> What to produce
All lines of the material that contain "from" must be copied out.

[[ Records for processing open ]]

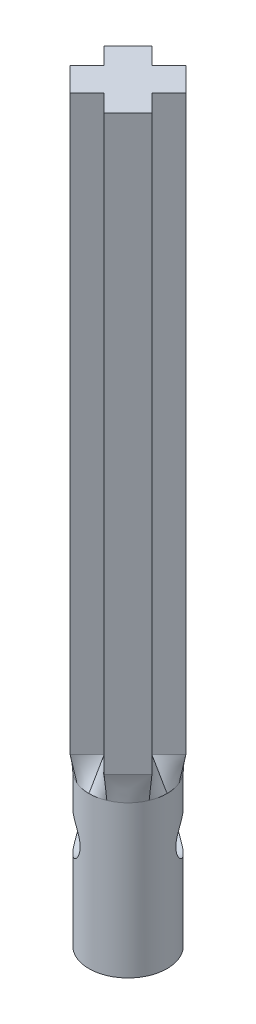
from build123d import *

# Parameters (mm, degrees)
BOSS_EXTRUDE1_DEPTH = 60.739130435
SCALE1_SCALE        = 0.92
SKETCH4_R           = 3.81
SKETCH3_R           = 3.81
BOSS_EXTRUDE2_DEPTH = 14.7955
SKETCH5_R           = 1.905
CUT_EXTRUDE1_DEPTH  = 60.074868333


with BuildPart() as part:
    # Sketch1 → Boss-Extrude1 (new body)
    with BuildSketch(Plane(origin=(0, 0, 0), x_dir=(1, 0, 0), z_dir=(0, 1, 0))):
        Polygon((-0.6269783, 2.91618698), (-2.423029524, 4.712238204), (-4.963029524, 2.172238204), (-3.1669783, 0.37618698), (-4.963029524, -1.419864244), (-2.423029524, -3.959864244), (-0.6269783, -2.16381302), (1.169072924, -3.959864244), (3.709072924, -1.419864244), (1.9130217, 0.37618698), (3.709072924, 2.172238204), (1.169072924, 4.712238204), align=None)
    extrude(amount=BOSS_EXTRUDE1_DEPTH)


with BuildPart() as part_1:
    # Scale1: scaled about (-0.6269783, 30.369565217, -0.37618698)
    add(part.part.scale(SCALE1_SCALE).moved(Location((-0.050158264, 2.429565217, -0.030094958))))

    # Sketch4 → section 1 of loft1
    with BuildSketch(Plane(origin=(0, -0.110434783, 0), x_dir=(-1, 0, 0), z_dir=(0, -1, 0)), mode=Mode.PRIVATE) as loft1_s1:
        with Locations((0.6269783, 0.37618698)):
            Circle(SKETCH4_R)
    # loft from a face of the part (loft1)
    loft([part_1.faces().sort_by_distance((-0.6269783, 2.429565217, -0.37618698))[0], loft1_s1.sketch])

    # Sketch3 → Boss-Extrude2 (add)
    with BuildSketch(Plane(origin=(0, -0.110434783, 0), x_dir=(1, 0, 0), z_dir=(0, 1, 0))):
        with Locations((-0.6269783, 0.37618698)):
            Circle(SKETCH3_R)
    extrude(amount=-BOSS_EXTRUDE2_DEPTH)

    # Sketch5 → Cut-Extrude1 (cut, through all)
    with BuildSketch(Plane(origin=(2.568681176, 0, -2.568681176), x_dir=(-0.7071067811865475, 0, -0.7071067811865476), z_dir=(0.7071067811865476, 0, -0.7071067811865475))):
        with Locations((0.709344972, -5.190434783)):
            Circle(SKETCH5_R)
    extrude(amount=-CUT_EXTRUDE1_DEPTH, mode=Mode.SUBTRACT)


solid = part_1.part

[[ Records for processing closed ]]

> Finished exercise
from build123d import *
    # loft from a face of the part (loft1)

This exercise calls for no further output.